21 Iconic Photos of the Vietnam War

An American 1st Air Cavalry Skycrane helicopter, during Operation Pegasus in Vietnam in 1968, delivering ammunition and supplies into a US Marine outpost besieged by North Vietnamese troops at the forward base of Khe Sanh. (Larry Burrows—The LIFE Picture Collection/Getty Images).


See 21 Iconic Photos of the Vietnam War

TIME Photo
Apr 30, 2015

It has been 40 years since the spring day when the last U.S. helicopters lifted up and, shortly after, the North Vietnamese army entered Saigon, deciding a conflict that had raged for years. News photographs from the time showed the world what was going on, from a country full of death in all its gruesome forms to peaceful protests across the ocean. Despite their age, those images have not lost their impact.

The Reverend Thich Quang Duc, a 73-year-old Buddhist monk, is soaked in petrol before setting fire to himself and burning to death in front of thousands of onlookers at a main highway intersection in Saigon, Vietnam, June 11, 1963. He had previously announced that he would commit suicide in protest against what he called government persecution of Buddhists. (AP Photo/Malcolm Browne).
American jets dropping napalm on Viet Cong positions early in the Vietnam conflict. (Larry Burrows—The LIFE Picture Collection/Getty Images).

See “Vietnam War: The photos that moved them most” >>

Hovering U.S. Army helicopters pour machine gun fire into the tree line to cover the advance of South Vietnamese ground troops in an attack on a Viet Cong camp 18 miles north of Tay Ninh, northwest of Saigon near the Cambodian border, in March 1965 during the Vietnam War. (AP Photo/Horst Faas).
In this April 10, 1965, file photo, made by Associated Press correspondent Peter Arnett, newly-landed U.S. Marines make their way through the sands of Red Beach at Da Nang, Vietnam on their way to reinforce the air base as South Vietnamese Rangers battled guerrillas about three miles south of the beach. More than two bitter decades of war in Vietnam ended with the last days of April 1975. Today, 40 years later, Arnett has written a new memoir, Saigon Has Fallen, detailing his experience covering the war for The AP. (AP Photo/Peter Arnett, File)
07 Sep 1965, Qui Nhon, Vietnam — In this Pulitzer Prize winning photo, A Vietnamese mother and her children wade across a river, fleeing a bombing raid on Qui Nhon by United States aircraft.

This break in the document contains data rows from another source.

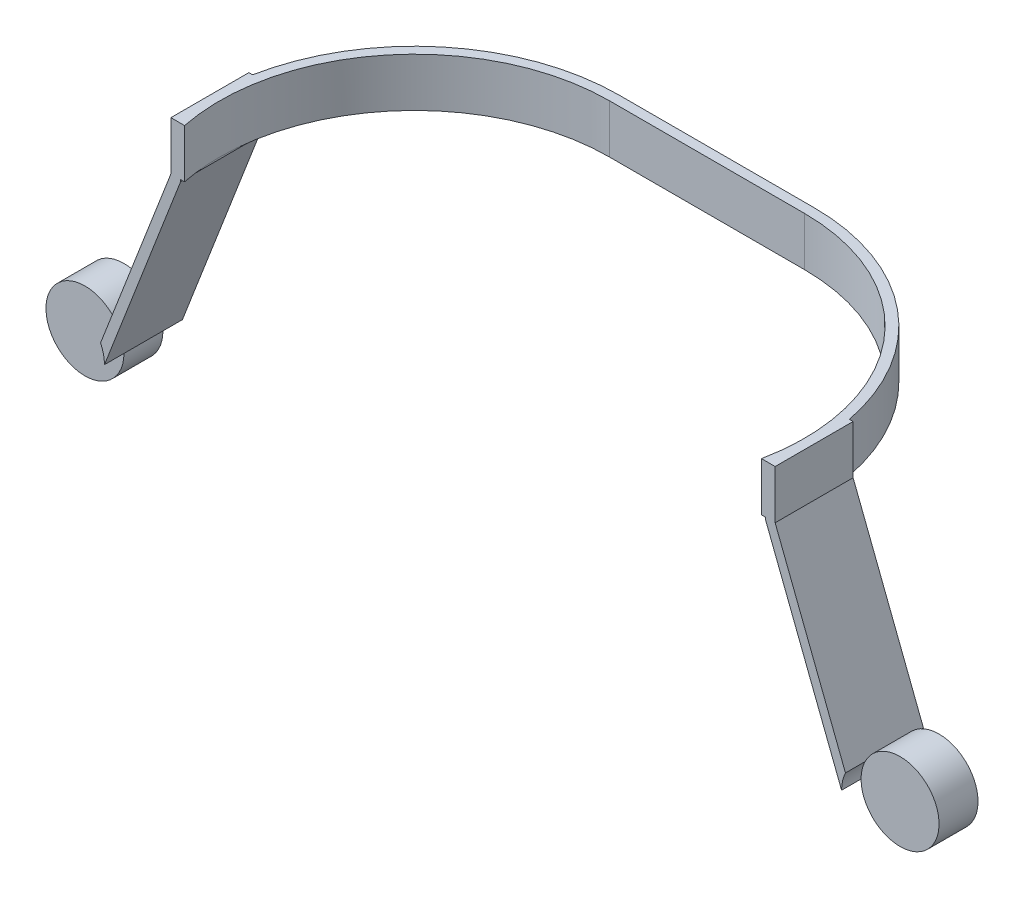
ISO-10303-21;
HEADER;
FILE_DESCRIPTION(('STEP AP214'),'2;1');
FILE_NAME('part.step','',(''),(''),'','','');
FILE_SCHEMA(('AUTOMOTIVE_DESIGN { 1 0 10303 214 1 1 1 1 }'));
ENDSEC;
DATA;
#1=APPLICATION_CONTEXT('core data for automotive mechanical design processes');
#2=APPLICATION_PROTOCOL_DEFINITION('international standard','automotive_design',2000,#1);
#3=PRODUCT_CONTEXT('',#1,'mechanical');
#4=PRODUCT('Part','Part','',(#3));
#5=PRODUCT_RELATED_PRODUCT_CATEGORY('part','',(#4));
#6=PRODUCT_DEFINITION_FORMATION('','',#4);
#7=PRODUCT_DEFINITION_CONTEXT('part definition',#1,'design');
#8=PRODUCT_DEFINITION('design','',#6,#7);
#9=PRODUCT_DEFINITION_SHAPE('','',#8);
#10=(LENGTH_UNIT() NAMED_UNIT(*) SI_UNIT(.MILLI.,.METRE.));
#11=(NAMED_UNIT(*) PLANE_ANGLE_UNIT() SI_UNIT($,.RADIAN.));
#12=(NAMED_UNIT(*) SI_UNIT($,.STERADIAN.) SOLID_ANGLE_UNIT());
#13=UNCERTAINTY_MEASURE_WITH_UNIT(LENGTH_MEASURE(1.E-05),#10,'distance_accuracy_value','');
#14=(GEOMETRIC_REPRESENTATION_CONTEXT(3) GLOBAL_UNCERTAINTY_ASSIGNED_CONTEXT((#13)) GLOBAL_UNIT_ASSIGNED_CONTEXT((#10,
#11,#12)) REPRESENTATION_CONTEXT('',''));
#15=CARTESIAN_POINT('',(0.,0.,0.));
#16=DIRECTION('',(0.,0.,1.));
#17=DIRECTION('',(1.,0.,0.));
#18=AXIS2_PLACEMENT_3D('',#15,#16,#17);
#19=CARTESIAN_POINT('',(-40.,0.,0.));
#20=DIRECTION('',(0.,1.,0.));
#21=DIRECTION('',(0.,0.,1.));
#22=AXIS2_PLACEMENT_3D('',#19,#20,#21);
#23=PLANE('',#22);
#24=DIRECTION('',(0.,0.,-1.));
#25=VECTOR('',#24,1.);
#26=CARTESIAN_POINT('',(120.,0.,0.));
#27=LINE('',#26,#25);
#28=CARTESIAN_POINT('',(120.,0.,16.));
#29=VERTEX_POINT('',#28);
#30=CARTESIAN_POINT('',(120.,0.,0.));
#31=VERTEX_POINT('',#30);
#32=EDGE_CURVE('E308',#29,#31,#27,.T.);
#33=ORIENTED_EDGE('',*,*,#32,.F.);
#34=DIRECTION('',(-1.,0.,0.));
#35=VECTOR('',#34,1.);
#36=CARTESIAN_POINT('',(-40.,0.,16.));
#37=LINE('',#36,#35);
#38=CARTESIAN_POINT('',(118.383671769062,0.,16.));
#39=VERTEX_POINT('',#38);
#40=EDGE_CURVE('E370',#29,#39,#37,.T.);
#41=ORIENTED_EDGE('',*,*,#40,.T.);
#42=CARTESIAN_POINT('',(40.,0.,0.));
#43=DIRECTION('',(0.,1.,0.));
#44=DIRECTION('',(0.,0.,1.));
#45=AXIS2_PLACEMENT_3D('',#42,#43,#44);
#46=CIRCLE('',#45,80.);
#47=EDGE_CURVE('E231',#39,#31,#46,.T.);
#48=ORIENTED_EDGE('',*,*,#47,.T.);
#49=EDGE_LOOP('',(#33,#41,#48));
#50=FACE_BOUND('',#49,.T.);
#51=ADVANCED_FACE('F34',(#50),#23,.F.);
#52=CARTESIAN_POINT('',(-167.270234139266,-81.4452842710347,-84.));
#53=DIRECTION('',(0.,0.,1.));
#54=DIRECTION('',(1.,0.,0.));
#55=AXIS2_PLACEMENT_3D('',#52,#53,#54);
#56=CYLINDRICAL_SURFACE('',#55,16.);
#57=CARTESIAN_POINT('',(-167.270234139266,-81.4452842710347,-8.));
#58=DIRECTION('',(0.,0.,1.));
#59=DIRECTION('',(1.,0.,0.));
#60=AXIS2_PLACEMENT_3D('',#57,#58,#59);
#61=CIRCLE('',#60,16.);
#62=CARTESIAN_POINT('',(-151.270234139266,-81.4452842710347,-8.));
#63=VERTEX_POINT('',#62);
#64=CARTESIAN_POINT('',(-152.863180848311,-74.4856279956423,-8.00000000000002));
#65=VERTEX_POINT('',#64);
#66=EDGE_CURVE('E379',#63,#65,#61,.T.);
#67=ORIENTED_EDGE('',*,*,#66,.T.);
#68=DIRECTION('',(0.,0.,1.));
#69=VECTOR('',#68,1.);
#70=CARTESIAN_POINT('',(-152.863180848311,-74.4856279956423,-84.));
#71=LINE('',#70,#69);
#72=CARTESIAN_POINT('',(-152.863180848311,-74.4856279956424,-16.));
#73=VERTEX_POINT('',#72);
#74=EDGE_CURVE('E399',#73,#65,#71,.T.);
#75=ORIENTED_EDGE('',*,*,#74,.F.);
#76=CARTESIAN_POINT('',(-167.270234139266,-81.4452842710347,-16.));
#77=DIRECTION('',(0.,0.,1.));
#78=DIRECTION('',(1.,0.,0.));
#79=AXIS2_PLACEMENT_3D('',#76,#77,#78);
#80=CIRCLE('',#79,16.);
#81=CARTESIAN_POINT('',(-151.270234139266,-81.4452842710347,-16.));
#82=VERTEX_POINT('',#81);
#83=EDGE_CURVE('E11',#82,#73,#80,.T.);
#84=ORIENTED_EDGE('',*,*,#83,.F.);
#85=DIRECTION('',(0.,0.,-1.));
#86=VECTOR('',#85,1.);
#87=CARTESIAN_POINT('',(-151.270234139266,-81.4452842710347,-16.));
#88=LINE('',#87,#86);
#89=EDGE_CURVE('E313',#63,#82,#88,.T.);
#90=ORIENTED_EDGE('',*,*,#89,.F.);
#91=EDGE_LOOP('',(#67,#75,#84,#90));
#92=FACE_BOUND('',#91,.T.);
#93=ADVANCED_FACE('F457',(#92),#56,.F.);
#94=CARTESIAN_POINT('',(167.270234139266,-81.4452842710347,-84.));
#95=DIRECTION('',(0.,0.,1.));
#96=DIRECTION('',(1.,0.,0.));
#97=AXIS2_PLACEMENT_3D('',#94,#95,#96);
#98=CYLINDRICAL_SURFACE('',#97,16.);
#99=CARTESIAN_POINT('',(167.270234139266,-81.4452842710347,-8.));
#100=DIRECTION('',(0.,0.,1.));
#101=DIRECTION('',(1.,0.,0.));
#102=AXIS2_PLACEMENT_3D('',#99,#100,#101);
#103=CIRCLE('',#102,16.);
#104=CARTESIAN_POINT('',(152.863180848311,-74.4856279956424,-8.));
#105=VERTEX_POINT('',#104);
#106=CARTESIAN_POINT('',(151.270234139266,-81.4452842710347,-7.99999999999999));
#107=VERTEX_POINT('',#106);
#108=EDGE_CURVE('E387',#105,#107,#103,.T.);
#109=ORIENTED_EDGE('',*,*,#108,.T.);
#110=DIRECTION('',(0.,0.,1.));
#111=VECTOR('',#110,1.);
#112=CARTESIAN_POINT('',(151.270234139266,-81.4452842710347,-16.));
#113=LINE('',#112,#111);
#114=CARTESIAN_POINT('',(151.270234139266,-81.4452842710347,-16.));
#115=VERTEX_POINT('',#114);
#116=EDGE_CURVE('E291',#115,#107,#113,.T.);
#117=ORIENTED_EDGE('',*,*,#116,.F.);
#118=CARTESIAN_POINT('',(167.270234139266,-81.4452842710347,-16.));
#119=DIRECTION('',(0.,0.,1.));
#120=DIRECTION('',(1.,0.,0.));
#121=AXIS2_PLACEMENT_3D('',#118,#119,#120);
#122=CIRCLE('',#121,16.);
#123=CARTESIAN_POINT('',(152.863180848311,-74.4856279956424,-16.));
#124=VERTEX_POINT('',#123);
#125=EDGE_CURVE('E42',#124,#115,#122,.T.);
#126=ORIENTED_EDGE('',*,*,#125,.F.);
#127=DIRECTION('',(0.,0.,1.));
#128=VECTOR('',#127,1.);
#129=CARTESIAN_POINT('',(152.863180848311,-74.4856279956424,-84.));
#130=LINE('',#129,#128);
#131=EDGE_CURVE('E392',#105,#124,#130,.F.);
#132=ORIENTED_EDGE('',*,*,#131,.F.);
#133=EDGE_LOOP('',(#109,#117,#126,#132));
#134=FACE_BOUND('',#133,.T.);
#135=ADVANCED_FACE('F463',(#134),#98,.F.);
#136=DIRECTION('',(1.,0.,0.));
#137=VECTOR('',#136,1.);
#138=CARTESIAN_POINT('',(-40.,0.,-16.));
#139=LINE('',#138,#137);
#140=CARTESIAN_POINT('',(120.,0.,-16.));
#141=VERTEX_POINT('',#140);
#142=CARTESIAN_POINT('',(122.462112512353,0.,-16.));
#143=VERTEX_POINT('',#142);
#144=EDGE_CURVE('E310',#141,#143,#139,.T.);
#145=ORIENTED_EDGE('',*,*,#144,.F.);
#146=EDGE_CURVE('E305',#31,#141,#27,.T.);
#147=ORIENTED_EDGE('',*,*,#146,.F.);
#148=CARTESIAN_POINT('',(40.,0.,-80.));
#149=VERTEX_POINT('',#148);
#150=EDGE_CURVE('E241',#31,#149,#46,.T.);
#151=ORIENTED_EDGE('',*,*,#150,.T.);
#152=DIRECTION('',(-1.,0.,0.));
#153=VECTOR('',#152,1.);
#154=CARTESIAN_POINT('',(-40.,0.,-80.));
#155=LINE('',#154,#153);
#156=CARTESIAN_POINT('',(-40.,0.,-80.));
#157=VERTEX_POINT('',#156);
#158=EDGE_CURVE('E226',#149,#157,#155,.T.);
#159=ORIENTED_EDGE('',*,*,#158,.T.);
#160=CARTESIAN_POINT('',(-40.,0.,0.));
#161=DIRECTION('',(0.,1.,0.));
#162=DIRECTION('',(0.,0.,1.));
#163=AXIS2_PLACEMENT_3D('',#160,#161,#162);
#164=CIRCLE('',#163,80.);
#165=CARTESIAN_POINT('',(-120.,0.,0.));
#166=VERTEX_POINT('',#165);
#167=EDGE_CURVE('E238',#157,#166,#164,.T.);
#168=ORIENTED_EDGE('',*,*,#167,.T.);
#169=DIRECTION('',(0.,0.,1.));
#170=VECTOR('',#169,1.);
#171=CARTESIAN_POINT('',(-120.,0.,0.));
#172=LINE('',#171,#170);
#173=CARTESIAN_POINT('',(-120.,0.,-16.));
#174=VERTEX_POINT('',#173);
#175=EDGE_CURVE('E349',#174,#166,#172,.T.);
#176=ORIENTED_EDGE('',*,*,#175,.F.);
#177=DIRECTION('',(1.,0.,0.));
#178=VECTOR('',#177,1.);
#179=CARTESIAN_POINT('',(-40.,0.,-15.9999999999999));
#180=LINE('',#179,#178);
#181=CARTESIAN_POINT('',(-122.462112512353,0.,-16.));
#182=VERTEX_POINT('',#181);
#183=EDGE_CURVE('E234',#182,#174,#180,.T.);
#184=ORIENTED_EDGE('',*,*,#183,.F.);
#185=CARTESIAN_POINT('',(-40.,0.,0.));
#186=DIRECTION('',(0.,1.,0.));
#187=DIRECTION('',(0.,0.,1.));
#188=AXIS2_PLACEMENT_3D('',#185,#186,#187);
#189=CIRCLE('',#188,84.);
#190=CARTESIAN_POINT('',(-40.,0.,-84.));
#191=VERTEX_POINT('',#190);
#192=EDGE_CURVE('E248',#191,#182,#189,.T.);
#193=ORIENTED_EDGE('',*,*,#192,.F.);
#194=DIRECTION('',(-1.,0.,0.));
#195=VECTOR('',#194,1.);
#196=CARTESIAN_POINT('',(-40.,0.,-84.));
#197=LINE('',#196,#195);
#198=CARTESIAN_POINT('',(40.,0.,-84.));
#199=VERTEX_POINT('',#198);
#200=EDGE_CURVE('E253',#199,#191,#197,.T.);
#201=ORIENTED_EDGE('',*,*,#200,.F.);
#202=CARTESIAN_POINT('',(40.,0.,0.));
#203=DIRECTION('',(0.,1.,0.));
#204=DIRECTION('',(0.,0.,1.));
#205=AXIS2_PLACEMENT_3D('',#202,#203,#204);
#206=CIRCLE('',#205,84.);
#207=EDGE_CURVE('E260',#143,#199,#206,.T.);
#208=ORIENTED_EDGE('',*,*,#207,.F.);
#209=EDGE_LOOP('',(#145,#147,#151,#159,#168,#176,#184,#193,#201,#208));
#210=FACE_BOUND('',#209,.T.);
#211=ADVANCED_FACE('F358',(#210),#23,.F.);
#212=CARTESIAN_POINT('',(-118.383671769062,0.,16.));
#213=VERTEX_POINT('',#212);
#214=EDGE_CURVE('E242',#166,#213,#164,.T.);
#215=ORIENTED_EDGE('',*,*,#214,.T.);
#216=CARTESIAN_POINT('',(-120.,0.,16.));
#217=VERTEX_POINT('',#216);
#218=EDGE_CURVE('E49',#213,#217,#37,.T.);
#219=ORIENTED_EDGE('',*,*,#218,.T.);
#220=EDGE_CURVE('E317',#166,#217,#172,.T.);
#221=ORIENTED_EDGE('',*,*,#220,.F.);
#222=EDGE_LOOP('',(#215,#219,#221));
#223=FACE_BOUND('',#222,.T.);
#224=ADVANCED_FACE('F356',(#223),#23,.F.);
#225=CARTESIAN_POINT('',(40.,20.,0.));
#226=DIRECTION('',(0.,-1.,0.));
#227=DIRECTION('',(0.,0.,-1.));
#228=AXIS2_PLACEMENT_3D('',#225,#226,#227);
#229=CYLINDRICAL_SURFACE('',#228,84.);
#230=DIRECTION('',(0.,-1.,0.));
#231=VECTOR('',#230,1.);
#232=CARTESIAN_POINT('',(122.462112512353,20.,-16.));
#233=LINE('',#232,#231);
#234=CARTESIAN_POINT('',(122.462112512353,20.,-16.));
#235=VERTEX_POINT('',#234);
#236=EDGE_CURVE('E271',#143,#235,#233,.F.);
#237=ORIENTED_EDGE('',*,*,#236,.F.);
#238=ORIENTED_EDGE('',*,*,#207,.T.);
#239=DIRECTION('',(0.,-1.,0.));
#240=VECTOR('',#239,1.);
#241=CARTESIAN_POINT('',(40.,20.,-84.));
#242=LINE('',#241,#240);
#243=CARTESIAN_POINT('',(40.,20.,-84.));
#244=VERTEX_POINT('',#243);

The raid was organized to knock out Viet Cong snipers in the village who were firing on United States Marines. Women and children were warned to leave the village before the bombs began to fall. — Image by © Bettmann/CORBIS
Helicopter crew chief James C. Farley (L) w. jammed machine gun shouting to crew as wounded pilot Lt. James Magel lies dying beside him. (Larry Burrows—The LIFE Picture Collection/Getty Images).
Vietcong prisoner captured during Cape Batangan battle, under guard (w. eyes & mouth taped shut) awaiting transfer to US POW compound. (Paul Schutzer—The LIFE Picture Colleciton/Getty Images).
The body of an American paratrooper killed in action in the jungle near the Cambodian border is raised up to an evacuation helicopter in War Zone C, Vietnam, May 14, 1966. (AP Photo/Henri Huet)
Dirty, exhausted looking US Marine on patrol with his squad near the DMZ during the Vietnam War. (Larry Burrows—The LIFE Picture Collection/Getty Images).
Wounded Marine Gunnery Sgt. Jeremiah Purdie (C) being led past stricken comrade after fierce firefight for control of Hill 484 south of the DMZ. (Larry Burrows—The LIFE Picture Collection/Getty Images).
USA. Washington DC. 1967. An American young girl, Jan Rose KASMIR, confronts the American National Guard outside the Pentagon during the 1967 anti-Vietnam march. This march helped to turn public opinion against the US war in Vietnam. (Marc Riboud—Magnum Photos).
South Vietnamese General Nguyen Ngoc Loan, chief of the National Police, fires his pistol into the head of suspected Viet Cong officer Nguyen Van Lem (also known as Bay Lop) on a Saigon street, Feb. 1, 1968, early in the Tet Offensive. (AP Photo/Eddie Adams).
Grieving widow crying over plastic bag containing remains of husband recently found in mass grave – killed in Feb. 1968 Vietnam war Tet offensive. (Larry Burrows—The LIFE Picture Collection/Getty Images).
The battle for Saigon. U.S. policy in Vietnam was based on the premise that peasants driven into the towns and cities by the carpet-bombing of the countryside would be safe. Furthermore, removed from their traditional value system they could be prepared for imposition of consumerism. This “restructuring” of society suffered a setback when, in 1968, death rained down on the urban enclaves. (Philip Jones Griffith—Magnum Photos).
As fellow troopers aid wounded comrades, the first sergeant of A Company, 101st Airborne Division, guides a medevac helicopter through the jungle foliage to pick up casualties suffered during a five-day patrol near Hue, April 1968. (AP Photo/Art Greenspon)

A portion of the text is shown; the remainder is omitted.